Dans ce contexte, comment croire qu’il n’y a pas de lien entre l’enrichissement des uns et l’appauvrissement des autres ?
Au nom de quelle morale, les affameurs ferment-ils leurs portes aux affamés ?
Et pourtant contrairement aux idées reçues, les flux migratoires se font d’abord entre les pays du Sud pour 80%.
20% seulement sont des flux du Sud vers le Nord.
Et le prix à payer est lourd :
En 10 ans, entre 1998 et 2008, 12 000 migrants sont morts aux portes de l’Europe dont plus de 8 000 par noyade.
Et ce chiffre ne comptabilise pas le sort inconnu réservé à ceux qui se sont fait arrêter par les autorités Libyennes. En dépit de toutes les Conventions Internationales et notamment la Convention de Genève, l’Italie a sous-traité à la Libye l’interception des sans-papiers en mer.
Le cauchemar se poursuit en arrivant en Europe avec les traques au quotidien et ce malgré l’organisation de la résistance de plus en plus de citoyens.
Les sans-papiers subissent également et indirectement le contrecoup de la propagande dégoulinante sur le coût des soi-disant migrants.
Là encore, une idée reçue qu’il nous faut déconstruire :
En France, il y a un black-out total sur les chiffres.

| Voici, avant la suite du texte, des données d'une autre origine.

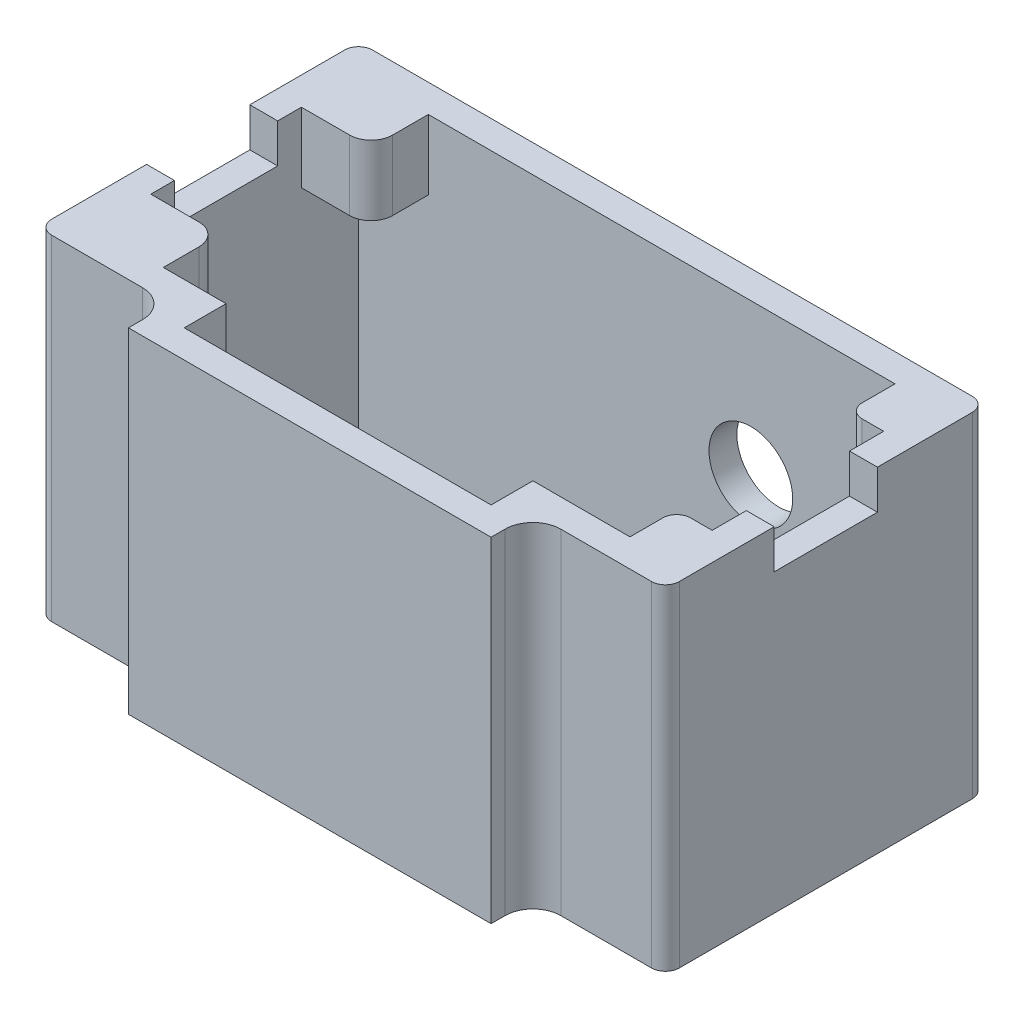
from build123d import *

# Parameters (mm, degrees)
SKETCH1_W           = 57.15
SKETCH1_H           = 29.21
BOSS_EXTRUDE1_DEPTH = 30.48
SHELL1_T            = -2.54
SKETCH2_W           = 10.668
SKETCH2_H           = 12.954
CUT_EXTRUDE1_DEPTH  = 2.54
BOSS_EXTRUDE2_DEPTH = 6.35
CUT_EXTRUDE2_REACH  = 68.396
SKETCH4_W           = 9.398
SKETCH4_H           = 7.112
SKETCH6_W           = 33.02
SKETCH6_H           = 3.81
BOSS_EXTRUDE3_DEPTH = 30.48
SKETCH7_W           = 27.94
SKETCH7_H           = 3.81
CUT_EXTRUDE3_DEPTH  = 27.94
FILLET1_R           = 2.54
FILLET2_R           = 1.27
SKETCH8_R           = 3.81
CUT_EXTRUDE4_DEPTH  = 2.54


with BuildPart() as part:
    # Sketch1 → Boss-Extrude1 (new body)
    with BuildSketch(Plane(origin=(0, 0, 0), x_dir=(1, 0, 0), z_dir=(0, 1, 0))):
        Rectangle(SKETCH1_W, SKETCH1_H)
    extrude(amount=BOSS_EXTRUDE1_DEPTH)

    # Shell1
    shell1_openings = [part.faces().sort_by_distance(p)[0] for p in [
        (0, 30.48, 0),
    ]]
    offset(amount=SHELL1_T, openings=shell1_openings, kind=Kind.INTERSECTION)

    # Sketch2 → Cut-Extrude1 (cut)
    with BuildSketch(Plane.XZ):
        with Locations((18.796, 0)):
            Rectangle(SKETCH2_W, SKETCH2_H)
    extrude(amount=-CUT_EXTRUDE1_DEPTH, mode=Mode.SUBTRACT)

    # Sketch3 → Boss-Extrude2 (add)
    with BuildSketch(Plane(origin=(0, 30.48, 0), x_dir=(1, 0, 0), z_dir=(0, 1, 0))):
        with BuildLine():
            Line((-26.035, 12.065), (-26.035, 6.858))
            Line((-26.035, 6.858), (-21.6408, 6.858))
            ThreePointArc((-21.6408, 6.858), (-20.257840557, 7.430840557), (-19.685, 8.8138))
            Line((-19.685, 8.8138), (-19.685, 12.065))
            Line((-19.685, 12.065), (-26.035, 12.065))
        make_face()
        with BuildLine():
            Line((-19.685, -12.065), (-19.685, -8.8138))
            ThreePointArc((-19.685, -8.8138), (-20.257840557, -7.430840557), (-21.6408, -6.858))
            Line((-21.6408, -6.858), (-26.035, -6.858))
            Line((-26.035, -6.858), (-26.035, -12.065))
            Line((-26.035, -12.065), (-19.685, -12.065))
        make_face()
        with BuildLine():
            Line((26.035, 12.065), (22.8092, 12.065))
            Line((22.8092, 12.065), (22.8092, 9.0805))
            ThreePointArc((22.8092, 9.0805), (23.181174388, 8.182474388), (24.0792, 7.8105))
            Line((24.0792, 7.8105), (26.035, 7.8105))
            Line((26.035, 7.8105), (26.035, 12.065))
        make_face()
        with BuildLine():
            Line((26.035, -7.8105), (26.035, -12.065))
            Line((26.035, -12.065), (22.8092, -12.065))
            Line((22.8092, -12.065), (22.8092, -9.0805))
            ThreePointArc((22.8092, -9.0805), (23.181174388, -8.182474388), (24.0792, -7.8105))
            Line((24.0792, -7.8105), (26.035, -7.8105))
        make_face()
    extrude(amount=-BOSS_EXTRUDE2_DEPTH)

    # Cut-Extrude2: up to this face of the body (flat: up to its plane)
    cut_extrude2_end = Plane(part.part.faces().sort_by_distance((28.575, 15.24, 0))[0])
    # Sketch4 → Cut-Extrude2 (cut, up to the picked face)
    with BuildSketch(Plane.ZY.offset(28.575), mode=Mode.PRIVATE) as cut_extrude2_sk1:
        with Locations((0, 30.48)):
            Rectangle(SKETCH4_W, SKETCH4_H)
    cut_extrude2_tool1 = split(extrude(cut_extrude2_sk1.sketch, amount=-CUT_EXTRUDE2_REACH, mode=Mode.PRIVATE), bisect_by=cut_extrude2_end, keep=Keep.BOTH, mode=Mode.PRIVATE)
    add(cut_extrude2_tool1.solids().sort_by(Axis((-28.575, 30.48, 0), (1, 0, 0)))[0], mode=Mode.SUBTRACT)

    # Sketch6 → Boss-Extrude3 (add)
    with BuildSketch(Plane(origin=(0, 30.48, 0), x_dir=(1, 0, 0), z_dir=(0, 1, 0))):
        with Locations((0, -16.51)):
            Rectangle(SKETCH6_W, SKETCH6_H)
    extrude(amount=-BOSS_EXTRUDE3_DEPTH)

    # Sketch7 → Cut-Extrude3 (cut)
    with BuildSketch(Plane(origin=(0, 30.48, 0), x_dir=(1, 0, 0), z_dir=(0, 1, 0))):
        with Locations((0, -13.97)):
            Rectangle(SKETCH7_W, SKETCH7_H)
    extrude(amount=-CUT_EXTRUDE3_DEPTH, mode=Mode.SUBTRACT)

    # Fillet1
    fillet1_edges = [part.edges().sort_by_distance(p)[0] for p in [
        (16.51, 15.24, 14.605),
        (-16.51, 15.24, 14.605),
    ]]
    fillet(fillet1_edges, radius=FILLET1_R)

    # Fillet2
    fillet2_edges = [part.edges().sort_by_distance(p)[0] for p in [
        (28.575, 15.24, 14.605),
        (-28.575, 15.24, 14.605),
        (-28.575, 15.24, -14.605),
        (28.575, 15.24, -14.605),
    ]]
    fillet(fillet2_edges, radius=FILLET2_R)

    # Sketch8 → Cut-Extrude4 (cut)
    with BuildSketch(Plane(origin=(0, 0, -14.605), x_dir=(-1, 0, 0), z_dir=(0, 0, -1))):
        with Locations((-9.68413116, 16.745112741)):
            Circle(SKETCH8_R)
    extrude(amount=-CUT_EXTRUDE4_DEPTH, mode=Mode.SUBTRACT)


solid = part.part
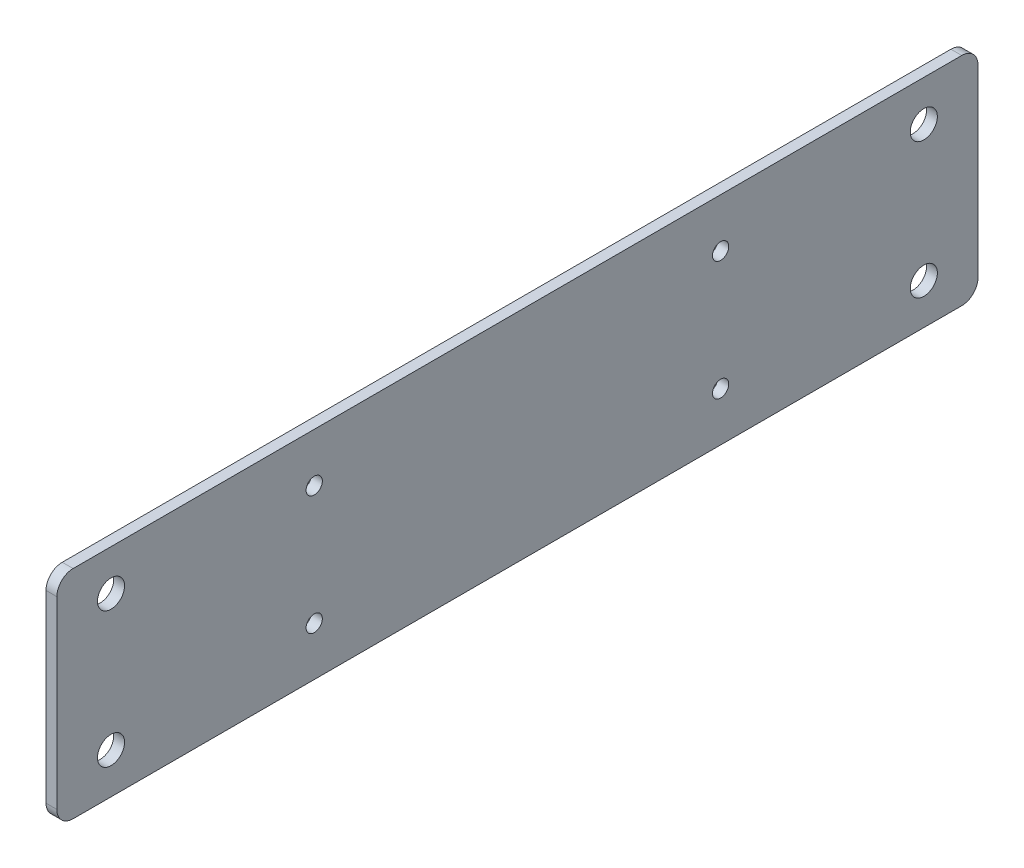
from build123d import *

# Parameters (mm, degrees)
SKETCH_1_W          = 170
SKETCH_1_H          = 40
EXTRUDE_1_DEPTH     = 2
SKETCH_2_R          = 2.5
CUT_EXTRUDE_1_DEPTH = 88.344146913
SKETCH_3_R          = 1.5
CUT_EXTRUDE_2_DEPTH = 88.344146913
FILLET_1_R          = 3


with BuildPart() as part:
    # 草图1 → 凸台-拉伸1 (new body)
    with BuildSketch(Plane(origin=(0, 0, 0), x_dir=(0, 0, -1), z_dir=(1, 0, 0))):
        Rectangle(SKETCH_1_W, SKETCH_1_H)
    extrude(amount=EXTRUDE_1_DEPTH)

    # 草图2 → 切除-拉伸1 (cut, through all)
    with BuildSketch(Plane(origin=(2, 0, 0), x_dir=(0, 0, -1), z_dir=(1, 0, 0))):
        with Locations((-75, 12.5)):
            Circle(SKETCH_2_R)
        with Locations(Location((-75, -12.5, 0), (0, 0, 180))):
            Circle(SKETCH_2_R)
        with Locations((75, -12.5)):
            Circle(SKETCH_2_R)
        with Locations(Location((75, 12.5, 0), (0, 0, 180))):
            Circle(SKETCH_2_R)
    extrude(amount=-CUT_EXTRUDE_1_DEPTH, mode=Mode.SUBTRACT)

    # 草图3 → 切除-拉伸2 (cut, through all)
    with BuildSketch(Plane(origin=(2, 0, 0), x_dir=(0, 0, -1), z_dir=(1, 0, 0))):
        with Locations((-37.5, 11)):
            Circle(SKETCH_3_R)
        with Locations((-37.5, -11)):
            Circle(SKETCH_3_R)
        with Locations((37.5, 11)):
            Circle(SKETCH_3_R)
        with Locations((37.5, -11)):
            Circle(SKETCH_3_R)
    extrude(amount=-CUT_EXTRUDE_2_DEPTH, mode=Mode.SUBTRACT)

    # 圆角1
    fillet_1_edges = [part.edges().sort_by_distance(p)[0] for p in [
        (1, -20, -85),
        (1, -20, 85),
        (1, 20, 85),
        (1, 20, -85),
    ]]
    fillet(fillet_1_edges, radius=FILLET_1_R)


solid = part.part
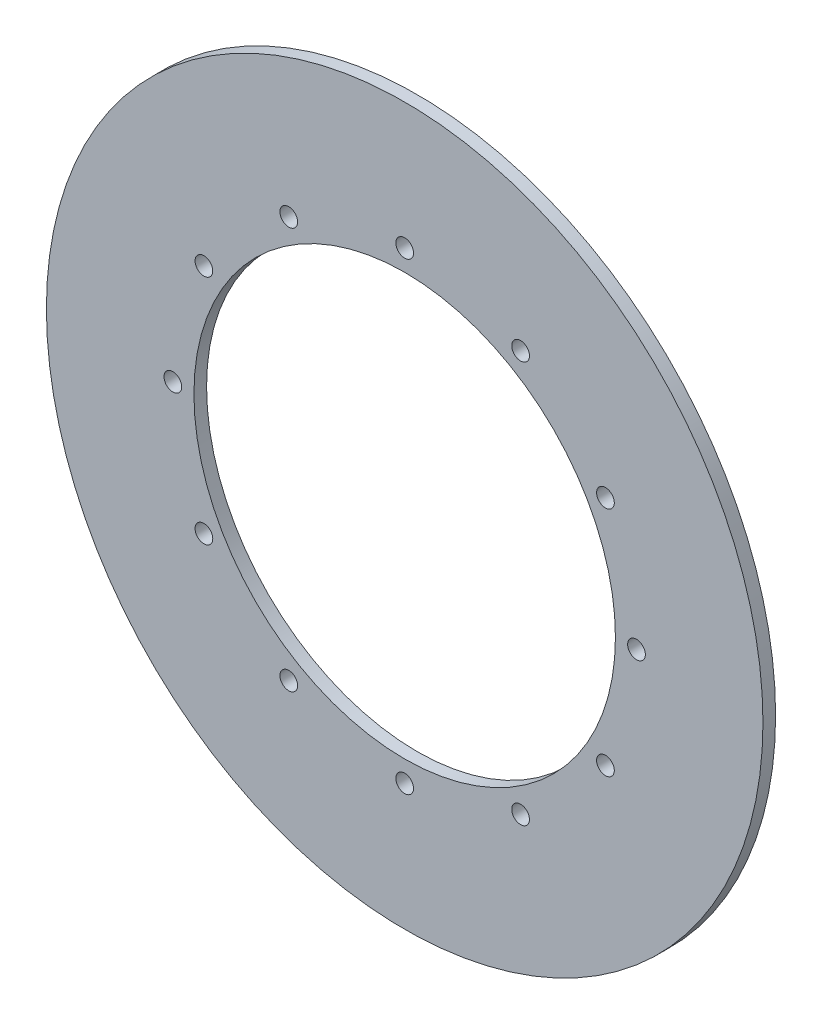
from build123d import *

# Parameters (mm, degrees)
SKETCH_1_R      = 85
SKETCH_1_R_2    = 50
SKETCH_1_R_3    = 2.1
EXTRUDE_1_DEPTH = 3


with BuildPart() as part:
    # 草图1 → 凸台-拉伸1 (new body)
    with BuildSketch(Plane.XY):
        Circle(SKETCH_1_R)
        Circle(SKETCH_1_R_2, mode=Mode.SUBTRACT)
        with Locations((0, 55)):
            Circle(SKETCH_1_R_3, mode=Mode.SUBTRACT)
        with Locations((27.5, 47.631397208)):
            Circle(SKETCH_1_R_3, mode=Mode.SUBTRACT)
        with Locations((47.631397208, 27.5)):
            Circle(SKETCH_1_R_3, mode=Mode.SUBTRACT)
        with Locations((55, 0)):
            Circle(SKETCH_1_R_3, mode=Mode.SUBTRACT)
        with Locations((47.631397208, -27.5)):
            Circle(SKETCH_1_R_3, mode=Mode.SUBTRACT)
        with Locations((27.5, -47.631397208)):
            Circle(SKETCH_1_R_3, mode=Mode.SUBTRACT)
        with Locations((0, -55)):
            Circle(SKETCH_1_R_3, mode=Mode.SUBTRACT)
        with Locations((-27.5, -47.631397208)):
            Circle(SKETCH_1_R_3, mode=Mode.SUBTRACT)
        with Locations((-47.631397208, -27.5)):
            Circle(SKETCH_1_R_3, mode=Mode.SUBTRACT)
        with Locations((-55, 0)):
            Circle(SKETCH_1_R_3, mode=Mode.SUBTRACT)
        with Locations((-47.631397208, 27.5)):
            Circle(SKETCH_1_R_3, mode=Mode.SUBTRACT)
        with Locations((-27.5, 47.631397208)):
            Circle(SKETCH_1_R_3, mode=Mode.SUBTRACT)
    extrude(amount=EXTRUDE_1_DEPTH)


solid = part.part

En Angleterre, des études officielles du gouvernement ont été menées et montrent que si l’on fait la différence entre d’une part les impôts versés par les migrants et d’autre part  les charges et aides diverses, le solde est positif de 2,4 milliards de livres. Des études similaires montrent la même chose en Espagne et le tout est même confirmé par le rapport de la Banque Mondiale de 2006.
En revanche, la politique d’expulsion, elle, coûte très cher.
L’estimation moyenne, réalisée y compris par des Sénateurs de l’actuelle majorité l’année dernière, est de 700 millions d’euros par an.
Autre idée reçue essentielle à déconstruire et j’en termine par là :
Le mythe du fameux « appel d’air ».
Une régularisation massive engendrerait soi-disant un appel d’air.
C’est faux

La France compte 200 000 à 400 000 sans papiers.
En Italie, en 2003, une régularisation massive de 634 000 sans papiers ; en Espagne en 2005 de 690 000.
Et pour autant, aucune observation scientifique ne montre qu’il y ait eu un appel d’air des sans-papiers de France ou du reste de l’Europe vers l’Espagne par exemple.
Et si l’Espagne, pays de 40 millions d’habitants, a réussi à le faire avec 690 000 sans papiers, la France, avec 64 millions d’habitants  devrait réussir avec 200 000 à 400 000 sans papiers.
La théorie de l’appel d’air est une fable que l’on raconte pour mieux endormir la conscience collective et compter sur sa passivité complice.
Non seulement le Parti de Gauche doit remplir cette mission d’Education Populaire de déconstruction, il doit aussi systématiquement remettre en perspective les propositions et les luttes en dessinant les contours d’un véritable co-développement, je dirai presque d’un alter-codéveloppement.

Face aux flots de mensonges qui creusent chaque jour le lit du racisme et de l’intolérance, la construction de la République impose aujourd’hui d’appeler à la résistance et parfois à la désobéissance pour construire ensemble, enfin, un monde humaniste et fraternel.